I can't go back to two tuner dvr.


----------



## peds48 (Jan 11, 2008)

very happy with my Genie.


----------



## gpg (Aug 19, 2006)

Five tuners eliminate virtually all recording conflicts. Being able to serve three clients simultaneously greatly enhances the WHDVR service.


----------



## mikefour77 (Jan 24, 2011)

peds48 said:


> very happy with my Genie.


Same here. Granted, I have only had mine for about a week, but I am already happy having the extra tuners. If for no other reason, not having to worry about conflicts between the 2 tuners is awesome.


----------



## jcmwwe (Jul 29, 2009)

Ok because i read where some people were having issues with there recordings where they would freeze or not fast forward. None of u have had these problems?


----------



## Sixto (Nov 18, 2005)

Love the HR44. Beast DVR with 5 tuners, PIP, and 200+ HD hours of storage. In my case I only use clients with tuners (H2x), thus the Genie is fast and can do it's magic with always having access to 5 tuners for recording.


----------



## Curtis0620 (Apr 22, 2002)

Best DVR out there. Who else has a 5-runer DVR?

Can't beat my HR34 and two HR24 setup.


----------



## jcmwwe (Jul 29, 2009)

What do u mean client with tuners? Can u keep your old hd dvr box instead of getting a genie mini?


----------



## Curtis0620 (Apr 22, 2002)

jcmwwe said:


> What do u mean client with tuners? Can u keep your old hd dvr box instead of getting a genie mini?

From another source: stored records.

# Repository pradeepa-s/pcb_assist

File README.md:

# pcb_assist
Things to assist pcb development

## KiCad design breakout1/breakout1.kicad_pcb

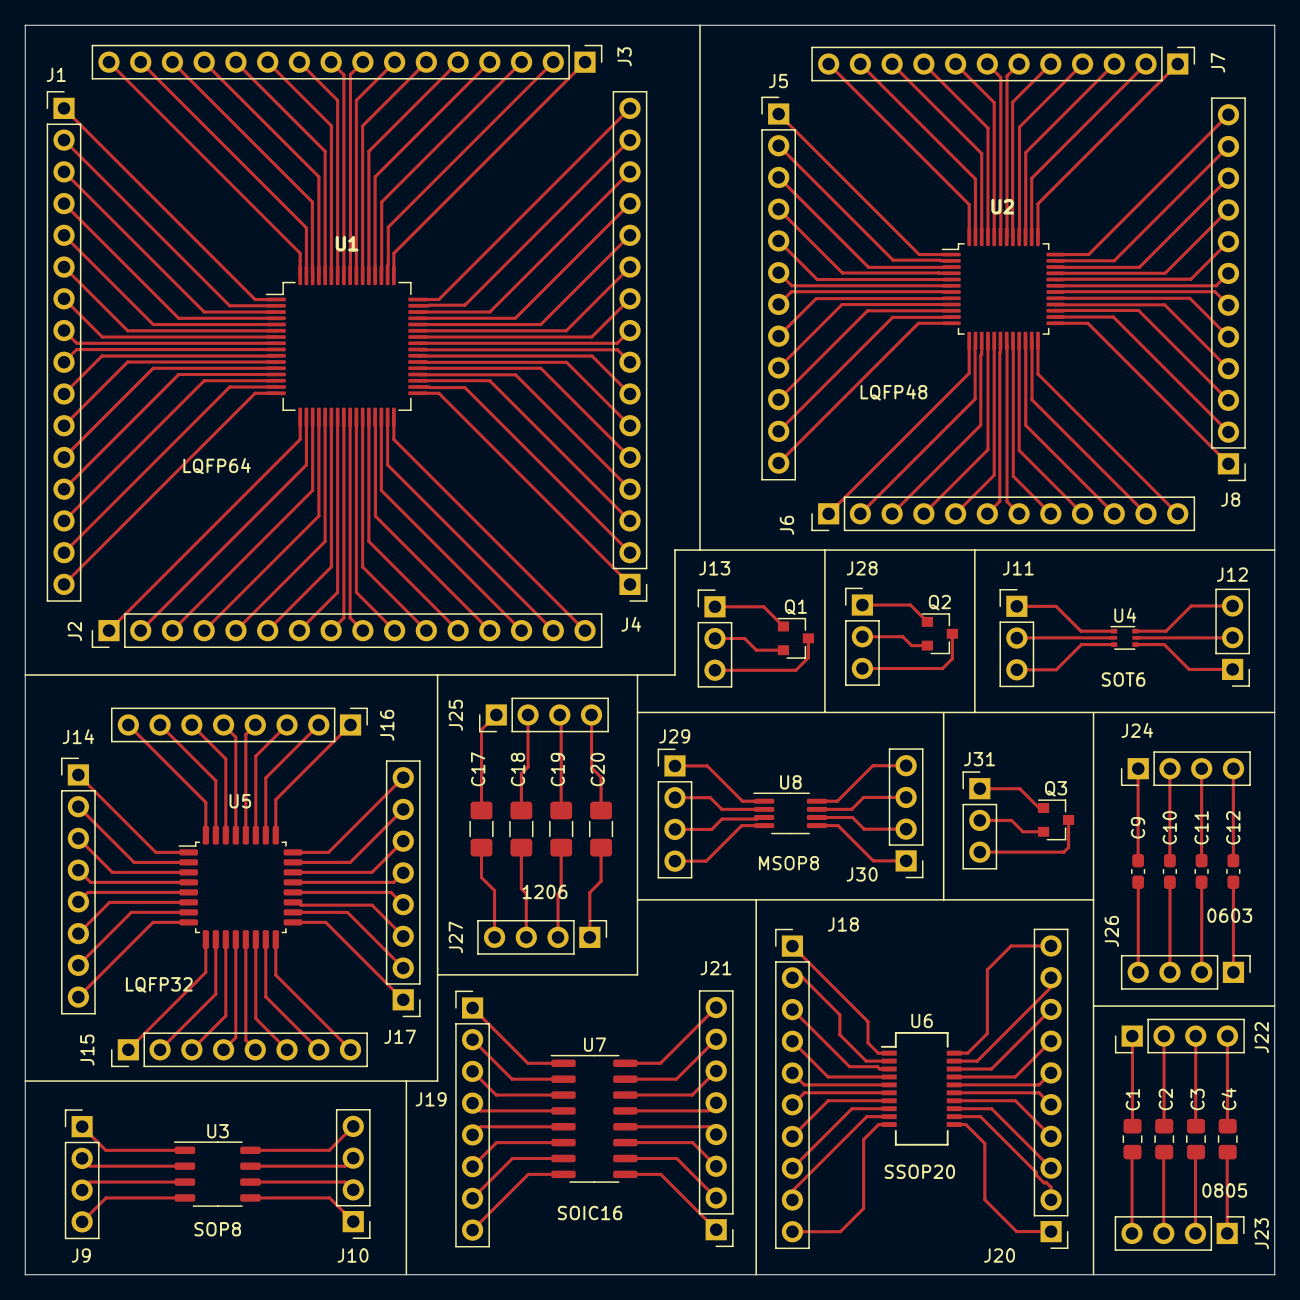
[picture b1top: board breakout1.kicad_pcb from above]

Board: 2 copper layers, 100.0 x 100.0 mm, 54 parts (0 on the bottom side), 235 nets.

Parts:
C1, C2, C3, C4: C_Small; C_0805_2012Metric_Pad1.18x1.45mm_HandSolder
C9, C10, C11, C12: C_Small; C_0603_1608Metric_Pad1.08x0.95mm_HandSolder
C17, C18, C19, C20: C_Small; C_1206_3216Metric_Pad1.42x1.75mm_HandSolder
J1, J2, J3, J4: Conn_01x16_Male; PinHeader_1x16_P2.54mm_Vertical
J5, J6, J7, J8: Conn_01x12_Male; PinHeader_1x12_P2.54mm_Vertical
J9, J10, J22, J23, J24, J25, J26, J27, J29, J30: Conn_01x04_Male; PinHeader_1x04_P2.54mm_Vertical
J11, J12, J13, J28, J31: Conn_01x03_Male; PinHeader_1x03_P2.54mm_Vertical
J14, J15, J16, J17, J19, J21: Conn_01x08_Male; PinHeader_1x08_P2.54mm_Vertical
J18, J20: Conn_01x10_Male; PinHeader_1x10_P2.54mm_Vertical
Q1, Q2, Q3: Q_NJFET_DGS; SOT-23
U1: ChipLQFP64; LQFP-64_10x10mm_P0.5mm
U2: ChipLQFP48; LQFP-48_7x7mm_P0.5mm
U3: ChipSOP8; SOP-8_3.9x4.9mm_P1.27mm
U4: Chip6SOT; SOT-666
U5: ChipLQFP32; LQFP-32_7x7mm_P0.8mm
U6: ChipSSOP20; SSOP-20_3.9x8.7mm_P0.635mm
U7: ChipSOIC16; SOIC-16_3.9x9.9mm_P1.27mm
U8: ChipMSOP8; MSOP-8_3x3mm_P0.65mm

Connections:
unnamed: C1.1, J23.4
unnamed: C1.2, J22.1
unnamed: C2.1, J23.3
unnamed: C2.2, J22.2
unnamed: C3.1, J23.2
unnamed: C3.2, J22.3
unnamed: C4.1, J23.1
unnamed: C4.2, J22.4
unnamed: C9.1, J26.4
unnamed: C9.2, J24.1
unnamed: C10.1, J26.3
unnamed: C10.2, J24.2
unnamed: C11.1, J26.2
unnamed: C11.2, J24.3
unnamed: C12.1, J26.1
unnamed: C12.2, J24.4
unnamed: C17.1, J27.4
unnamed: C17.2, J25.1
unnamed: C18.1, J27.3
unnamed: C18.2, J25.2
unnamed: C19.1, J27.2
unnamed: C19.2, J25.3
unnamed: C20.1, J27.1
unnamed: C20.2, J25.4
unnamed: J1.1, U1.1
unnamed: J1.2, U1.2
unnamed: J1.3, U1.3
unnamed: J1.4, U1.4
unnamed: J1.5, U1.5
unnamed: J1.6, U1.6
unnamed: J1.7, U1.7
unnamed: J1.8, U1.8
unnamed: J1.9, U1.9
unnamed: J1.10, U1.10
unnamed: J1.11, U1.11
unnamed: J1.12, U1.12
unnamed: J1.13, U1.13
unnamed: J1.14, U1.14
unnamed: J1.15, U1.15
unnamed: J1.16, U1.16
unnamed: J2.1, U1.17
unnamed: J2.2, U1.18
unnamed: J2.3, U1.19
unnamed: J2.4, U1.20
unnamed: J2.5, U1.21
unnamed: J2.6, U1.22
unnamed: J2.7, U1.23
unnamed: J2.8, U1.24
unnamed: J2.9, U1.25
unnamed: J2.10, U1.26
unnamed: J2.11, U1.27
unnamed: J2.12, U1.28
unnamed: J2.13, U1.29
unnamed: J2.14, U1.30
unnamed: J2.15, U1.31
unnamed: J2.16, U1.32
unnamed: J3.1, U1.49
unnamed: J3.2, U1.50
unnamed: J3.3, U1.51
unnamed: J3.4, U1.52
unnamed: J3.5, U1.53
unnamed: J3.6, U1.54
unnamed: J3.7, U1.55
unnamed: J3.8, U1.56
unnamed: J3.9, U1.57
unnamed: J3.10, U1.58
unnamed: J3.11, U1.59
unnamed: J3.12, U1.60
unnamed: J3.13, U1.61
unnamed: J3.14, U1.62
unnamed: J3.15, U1.63
unnamed: J3.16, U1.64
unnamed: J4.1, U1.33
unnamed: J4.2, U1.34
unnamed: J4.3, U1.35
unnamed: J4.4, U1.36
unnamed: J4.5, U1.37
unnamed: J4.6, U1.38
unnamed: J4.7, U1.39
unnamed: J4.8, U1.40
unnamed: J4.9, U1.41
unnamed: J4.10, U1.42
unnamed: J4.11, U1.43
unnamed: J4.12, U1.44
unnamed: J4.13, U1.45
unnamed: J4.14, U1.46
unnamed: J4.15, U1.47
unnamed: J4.16, U1.48
unnamed: J5.1, U2.1
unnamed: J5.2, U2.2
unnamed: J5.3, U2.3
unnamed: J5.4, U2.4
unnamed: J5.5, U2.5
unnamed: J5.6, U2.6
unnamed: J5.7, U2.7
unnamed: J5.8, U2.8
unnamed: J5.9, U2.9
unnamed: J5.10, U2.10
unnamed: J5.11, U2.11
unnamed: J5.12, U2.12
unnamed: J6.1, U2.13
unnamed: J6.2, U2.14
unnamed: J6.3, U2.15
unnamed: J6.4, U2.16
unnamed: J6.5, U2.17
unnamed: J6.6, U2.18
unnamed: J6.7, U2.19
unnamed: J6.8, U2.20
unnamed: J6.9, U2.21
unnamed: J6.10, U2.22
unnamed: J6.11, U2.23
unnamed: J6.12, U2.24
unnamed: J7.1, U2.37
unnamed: J7.2, U2.38
unnamed: J7.3, U2.39
unnamed: J7.4, U2.40
unnamed: J7.5, U2.41
unnamed: J7.6, U2.42
unnamed: J7.7, U2.43
unnamed: J7.8, U2.44
unnamed: J7.9, U2.45
unnamed: J7.10, U2.46
unnamed: J7.11, U2.47
unnamed: J7.12, U2.48
unnamed: J8.1, U2.25
unnamed: J8.2, U2.26
unnamed: J8.3, U2.27
unnamed: J8.4, U2.28
unnamed: J8.5, U2.29
unnamed: J8.6, U2.30
unnamed: J8.7, U2.31
unnamed: J8.8, U2.32
unnamed: J8.9, U2.33
unnamed: J8.10, U2.34
unnamed: J8.11, U2.35
unnamed: J8.12, U2.36
unnamed: J9.1, U3.1
unnamed: J9.2, U3.2
unnamed: J9.3, U3.3
unnamed: J9.4, U3.4
unnamed: J10.1, U3.5
unnamed: J10.2, U3.6
unnamed: J10.3, U3.7
unnamed: J10.4, U3.8
unnamed: J11.1, U4.1
unnamed: J11.2, U4.2
unnamed: J11.3, U4.3
unnamed: J12.1, U4.4
unnamed: J12.2, U4.5
unnamed: J12.3, U4.6
unnamed: J13.1, Q1.1
unnamed: J13.2, Q1.2
unnamed: J13.3, Q1.3
unnamed: J14.1, U5.1
unnamed: J14.2, U5.2
unnamed: J14.3, U5.3
unnamed: J14.4, U5.4
unnamed: J14.5, U5.5
unnamed: J14.6, U5.6
unnamed: J14.7, U5.7
unnamed: J14.8, U5.8
unnamed: J15.1, U5.9
unnamed: J15.2, U5.10
unnamed: J15.3, U5.11
unnamed: J15.4, U5.12
unnamed: J15.5, U5.13
unnamed: J15.6, U5.14
unnamed: J15.7, U5.15
unnamed: J15.8, U5.16
unnamed: J16.1, U5.25
unnamed: J16.2, U5.26
unnamed: J16.3, U5.27
unnamed: J16.4, U5.28
unnamed: J16.5, U5.29
unnamed: J16.6, U5.30
unnamed: J16.7, U5.31
unnamed: J16.8, U5.32
unnamed: J17.1, U5.17
unnamed: J17.2, U5.18
unnamed: J17.3, U5.19
unnamed: J17.4, U5.20
unnamed: J17.5, U5.21
unnamed: J17.6, U5.22
unnamed: J17.7, U5.23
unnamed: J17.8, U5.24
unnamed: J18.1, U6.1
unnamed: J18.2, U6.2
unnamed: J18.3, U6.3
unnamed: J18.4, U6.4
unnamed: J18.5, U6.5
unnamed: J18.6, U6.6
unnamed: J18.7, U6.7
unnamed: J18.8, U6.8
unnamed: J18.9, U6.9
unnamed: J18.10, U6.10
unnamed: J19.1, U7.1
unnamed: J19.2, U7.2
unnamed: J19.3, U7.3
unnamed: J19.4, U7.4
unnamed: J19.5, U7.5
unnamed: J19.6, U7.6
unnamed: J19.7, U7.7
unnamed: J19.8, U7.8
unnamed: J20.1, U6.11
unnamed: J20.2, U6.12
unnamed: J20.3, U6.13
unnamed: J20.4, U6.14
unnamed: J20.5, U6.15
unnamed: J20.6, U6.16
unnamed: J20.7, U6.17
unnamed: J20.8, U6.18
unnamed: J20.9, U6.19
unnamed: J20.10, U6.20
unnamed: J21.1, U7.9
unnamed: J21.2, U7.10
unnamed: J21.3, U7.11
unnamed: J21.4, U7.12
unnamed: J21.5, U7.13
unnamed: J21.6, U7.14
unnamed: J21.7, U7.15
unnamed: J21.8, U7.16
unnamed: J28.1, Q2.1
unnamed: J28.2, Q2.2
unnamed: J28.3, Q2.3
unnamed: J29.1, U8.1
unnamed: J29.2, U8.2
unnamed: J29.3, U8.3
unnamed: J29.4, U8.4
unnamed: J30.1, U8.5
unnamed: J30.2, U8.6
unnamed: J30.3, U8.7
unnamed: J30.4, U8.8
unnamed: J31.1, Q3.1
unnamed: J31.2, Q3.2
unnamed: J31.3, Q3.3

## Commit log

2021-07-22 Added the first breakout

Yes, I have a HR34 and 2 HR24s with MRV.


----------



## directv newb (Jun 25, 2012)

I truly believe the GENIE is the greatest dvr of all times. I have had my hr-34 genie for about 8 months, I have NEVER had one issue or problem, it is absolutely AMAZING! The ability to record 5 shows at one time is mind blowing, it is an absolutely incredible device(in my opinion). I am a true fan of Directv and think that their product is way superior to any other choices out there.


----------



## toobs (Oct 10, 2012)

jcmwwe said:


> Ok because i read where some people were having issues with there recordings where they would freeze or not fast forward. None of u have had these problems?


There are glitches, but I never had a problem with recordings.


----------



## toobs (Oct 10, 2012)

directv newb said:


> I am a true fan of Directv and think that their product is way superior to any other choices out there.


+1

I had TWC for 10 years and their dvr is POC. When I first got the Genie, I was amazed with the technology that I was missing.


----------



## jcmwwe (Jul 29, 2009)

How did u get to keep your hr24s? When they tell u need to get a genie mini for your second receiver? Also does the hr24 work the same as a genie mini u can watch all recordings from the genie? Please let me know. Thanks


----------



## mikefour77 (Jan 24, 2011)

jcmwwe said:


> How did u get to keep your hr24s? When they tell u need to get a genie mini for your second receiver? Also does the hr24 work the same as a genie mini u can watch all recordings from the genie? Please let me know. Thanks


I also have two HR24s and an HR34, and yes, they can all access recordings from each other. The benefit of keeping the HR24 is that you don't need to use a tuner from the HR34 when someone is watching in another room.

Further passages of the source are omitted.